Skip to content

Generative CVAE Counterfactual Detection

The Generative CVAE detector trains a Conditional Variational Autoencoder (CVAE) on embeddings conditioned on a binary spurious attribute. It generates counterfactual embeddings by encoding with the original attribute and decoding with the flipped attribute, then measures how a probe classifier's predictions change.

What It Detects

  • Whether a spurious (group) attribute causally influences model predictions in embedding space.
  • Large probe prediction shifts after counterfactual attribute flipping indicate shortcut reliance.

How It Works

  1. Train CVAE: A conditional VAE learns to reconstruct embeddings conditioned on the binary group label (spurious attribute).
  2. Train Attribute Predictor: A small linear network learns to predict the group label from embeddings.
  3. Generate Counterfactuals: For each sample, encode with the original group label and decode with the flipped label. Latent guidance optimizes the counterfactual to actually flip the predicted attribute while staying close to the original embedding.
  4. Evaluate Probe Shift: A probe classifier (internal LogisticRegression or user-provided) scores both original and counterfactual embeddings. Large prediction shifts indicate the model relies on the spurious attribute.

Required Inputs

  • embeddings: np.ndarray (n, d) — representation space
  • group_labels: np.ndarray (n,) — binary spurious attribute labels (0/1)

Optional:

  • labels: np.ndarray (n,) — task labels (required for probe training; if omitted, detection is inconclusive)
  • probe_classifier: Pre-trained sklearn-like classifier or callable

Unified API Example

from shortcut_detect import ShortcutDetector

detector = ShortcutDetector(methods=["generative_cvae"])
detector.fit(embeddings=emb, labels=labels, group_labels=groups)

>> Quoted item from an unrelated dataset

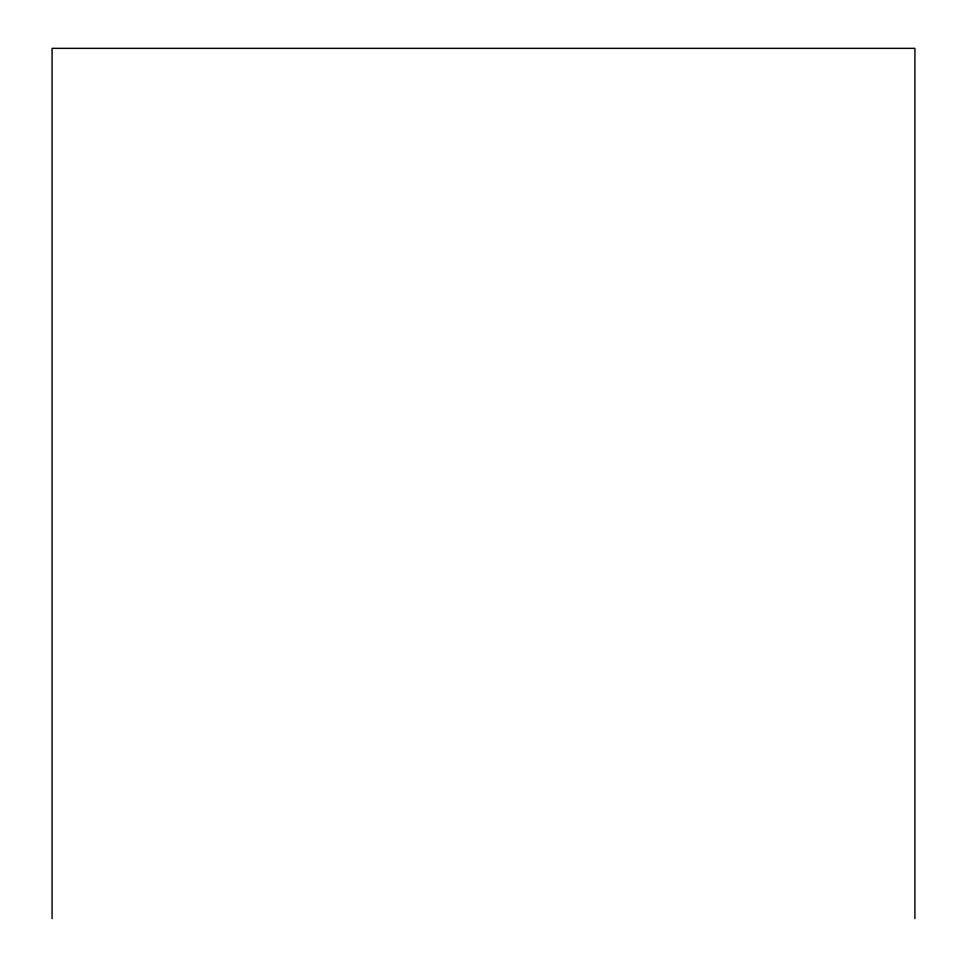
<?xml version="1.0" encoding="UTF-8"?>
<svg xmlns="http://www.w3.org/2000/svg" width="967" height="967" viewBox="0 0 967 967"><rect width="100%" height="100%" fill="white"/><g stroke="black" fill="none" stroke-linecap="round" stroke-linejoin="round"><path stroke-width="1.45" d="M914.915 918.65L914.915 48.35L52.085 48.35L52.085 918.65"/></g></svg>

result = detector.get_results()["generative_cvae"]
print(result["metrics"])
print(result["shortcut_detected"])

Direct API Example

from shortcut_detect.causal import GenerativeCVEDetector

detector = GenerativeCVEDetector(epochs=50, random_state=42)
detector.fit(embeddings, group_labels, labels)

print(detector.results_["shortcut_detected"])
print(detector.results_["metrics"])
print(detector.summary())

Key Metrics

Metric Description
mean_delta Mean probe prediction shift (original - counterfactual)
frac_large_change Fraction of samples with
mean_cosine_similarity Average cosine similarity between original and counterfactual embeddings
probe_accuracy Accuracy of the internal/external probe

Detection Rule

A shortcut is detected when both:

  • abs(mean_delta) > mean_delta_threshold (default: 1e-4)
  • frac_large_change > frac_large_threshold (default: 0.01)

Interpretation

  • High risk: Large prediction shifts indicate the model relies heavily on the spurious attribute.
  • Low risk: Minimal prediction shifts suggest the spurious attribute has little influence.
  • Unknown: No probe available (labels not provided).

Configuration

Parameter Default Description
epochs 50 CVAE training epochs
hidden 256 Hidden layer size
zdim 64 Latent dimension
guidance_steps 50 Latent optimization steps for counterfactual generation
guidance_weight 5.0 Weight for attribute-flip loss
proximity_weight 1.0 Weight for staying close to original embedding

Limitations

  • Requires binary group labels (0/1).
  • Detection thresholds are sensitive to dataset size and noise level.
  • CVAE quality depends on sufficient training data and appropriate hyperparameters.
  • Results can vary across random seeds, especially with small datasets.